Here's some fun stormtroopers made out of cardboard boxes. I'm a fan.



That's the hippo and the alligator from that bit in Fantasia. Looked pretty close to the original, considering the original was a cartoon.

Speaking of being ripped right out of a cartoon, here's Poop Dog! I know virtually none of you know who that is, but trust me when I say he looks near identical to the original. Frighteningly so.



This is fun. He would jiggle himself around and scream sometimes. Gotta love it.



These guys, Vader's Broom, won the Best Humor Costume. They're the Bucket Troopers who clean up the Death Star, and other Imperial places. This was the brainchild of some friends of Valerie's from the DC Fanforce. Quite amusing.

These guys won the Best in Show award. Yes, they're the Blue Man Group.

Har har.

So now we find ourselves with the con over, and we need something to do. So we go to the largest aquarium in the world. Which happens to be 5 blocks down the street. Convenient. They have these...
Whale sharks. The only other place they have these is in Japan. They're large. You wouldn't know it from this picture, but they are. We're looking at its bottom from the big glass tube they have that you get to walk through.

Here's some zebra sharks. They have spots, not stripes. Don't ask.

Here's those crazy whale sharks again, with a bunch of other stuff, like fish and rays. To give you an idea of how large that window is, those wacky whales are about 14 feet long each.

That's a whole lot of rays. That's also only a small chunk of the viewing window. It was 60-some feet long, and 20-some feet tall. 2nd biggest window in the world. ooooOOOOooooo

Here's some crazy garden eels. They look like little wormy snakes or something. They like to fight. They're fun.

Here's a cthulhu fish. He likes to eat souls. You'll want to be wary of him.

Here's some crazy jellyfish wannabes. They're kind of creepy.

But not as creepy as this mofo. This dude haunts my nightmares. This thing is HUGE, too. Bigger than our cat, Evil, and bigger than some dogs. They can grow to the size of cars. I swear I heard that somewhere. I wouldn't go swimming in the Japanese ocean, if I were you.

He's coming for you, Barbara....

Here's some sharks they let you touch. Your hand smells like the ocean afterwards.

Here's some rays they let you touch. Your hand smells like the ocean afterwards.

They even put fish in the friggin' ceiling at this place. Don't jump.

Here's a moodily lit catfish. He likes to eat mousefish. (They don't exist.)

Here's a beluga whale. He's belugaey.

Here's some African penguins. Yes, Africa has penguins. So there. They'll mess you up, watch out.

Here's a sea otter. He's cute. And sleepy.

Here's a hammerhead shark. He makes no sound.

Here's me with some rays in the tube again.
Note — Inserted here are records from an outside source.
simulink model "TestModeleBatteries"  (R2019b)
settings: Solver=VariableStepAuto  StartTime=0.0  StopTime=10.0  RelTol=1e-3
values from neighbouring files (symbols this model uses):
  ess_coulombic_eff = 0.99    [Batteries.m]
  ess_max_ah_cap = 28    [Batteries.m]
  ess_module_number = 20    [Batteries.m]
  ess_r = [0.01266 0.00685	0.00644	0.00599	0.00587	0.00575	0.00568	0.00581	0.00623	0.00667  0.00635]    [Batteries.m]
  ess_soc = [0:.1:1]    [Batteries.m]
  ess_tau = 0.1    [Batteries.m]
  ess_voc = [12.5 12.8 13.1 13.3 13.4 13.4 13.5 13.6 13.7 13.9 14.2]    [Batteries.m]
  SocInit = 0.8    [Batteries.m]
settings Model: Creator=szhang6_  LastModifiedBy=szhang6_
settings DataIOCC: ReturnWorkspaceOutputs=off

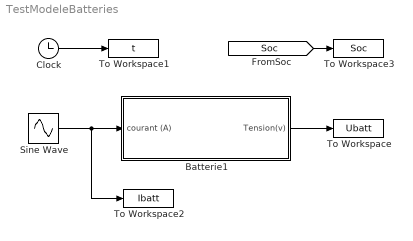
== system TestModeleBatteries ==
  Batterie1 : Subsystem
  Clock : Clock
  Sine Wave : Sin  Amplitude=100  Frequency=0.5*2*pi  SampleTime=0
  To Workspace : ToWorkspace  VariableName=Ubatt  SampleTime=-1
  To Workspace1 : ToWorkspace  VariableName=t  SampleTime=-1
  To Workspace2 : ToWorkspace  VariableName=Ibatt  SampleTime=-1
  To Workspace3 : ToWorkspace  VariableName=Soc  SampleTime=-1
  wires:
  Clock/1 -> To Workspace1/1
  [Soc] -> To Workspace3/1
  Sine Wave/1 -> To Workspace2/1, Batterie1/1(courant (A))
  Batterie1/1(Tension(v)) -> To Workspace/1

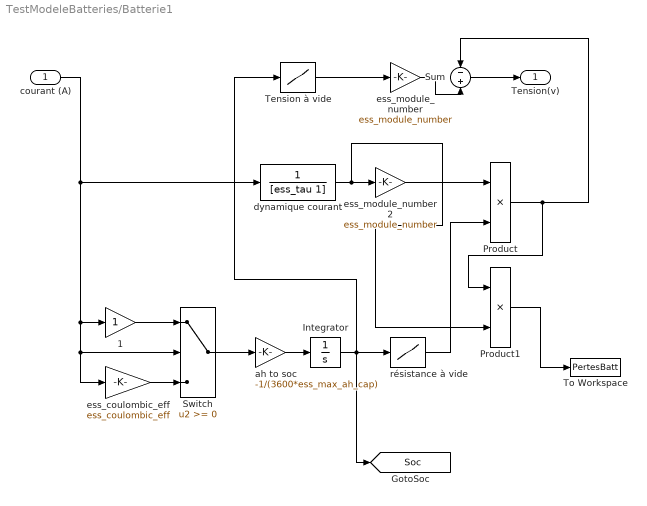
== system TestModeleBatteries/Batterie1 ==
  courant (A) : Inport
  1 : Gain
  Integrator : Integrator  InitialCondition=SocInit
  Product : Product  Inputs=**
  Product1 : Product  Inputs=**
  Sum : Sum  Inputs=-+
  Switch : Switch
  Tension à vide : Lookup  InputValues=ess_soc  Table=ess_voc
  To Workspace : ToWorkspace  VariableName=PertesBatt  SampleTime=-1
  "ah to soc " : Gain  Gain=-1/(3600*ess_max_ah_cap)
  dynamique courant : TransferFcn  Denominator=[ess_tau 1]
  "ess_coulombic_eff " : Gain  Gain=ess_coulombic_eff
  "ess_module_number " : Gain  Gain=ess_module_number
  ess_module_number 2 : Gain  Gain=ess_module_number
  résistance à vide : Lookup  InputValues=ess_soc  Table=ess_r
  Tension(v) : Outport
  tag scope: Soc=global
  wires:
  courant (A)/1 -> dynamique courant/1, "ess_coulombic_eff "/1, Switch/2, 1/1
  1/1 -> Switch/1
  "ess_coulombic_eff "/1 -> Switch/3
  Switch/1 -> "ah to soc "/1
  "ah to soc "/1 -> Integrator/1
  dynamique courant/1 -> Product1/2, ess_module_number 2/1
  Integrator/1 -> Tension à vide/1, résistance à vide/1, [Soc]
  ess_module_number 2/1 -> Product/1
  résistance à vide/1 -> Product/2
  Product/1 -> Product1/1, Sum/1
  Sum/1 -> Tension(v)/1
  Tension à vide/1 -> "ess_module_number "/1
  "ess_module_number "/1 -> Sum/2
  Product1/1 -> To Workspace/1

They have a lot of rays. They hang out in gangs.

Here's more zebra sharks. They're sleepy, too.

Here's the big-ass window from far back. Remember how big I said those whale sharks were...?

Yeah, it's pretty damn big.

The otter woke up. He's playing peekaboo.

Here's Valerie with a plastic whale. There were whaley boys in there. Only one person will get that joke, and she's sitting beside me as I type this.

Here's Atlanta at night. Looks less depressing in the evening times, yes?

So that was our trip. And the pictures from our trip. Hope that it was illuminating for you.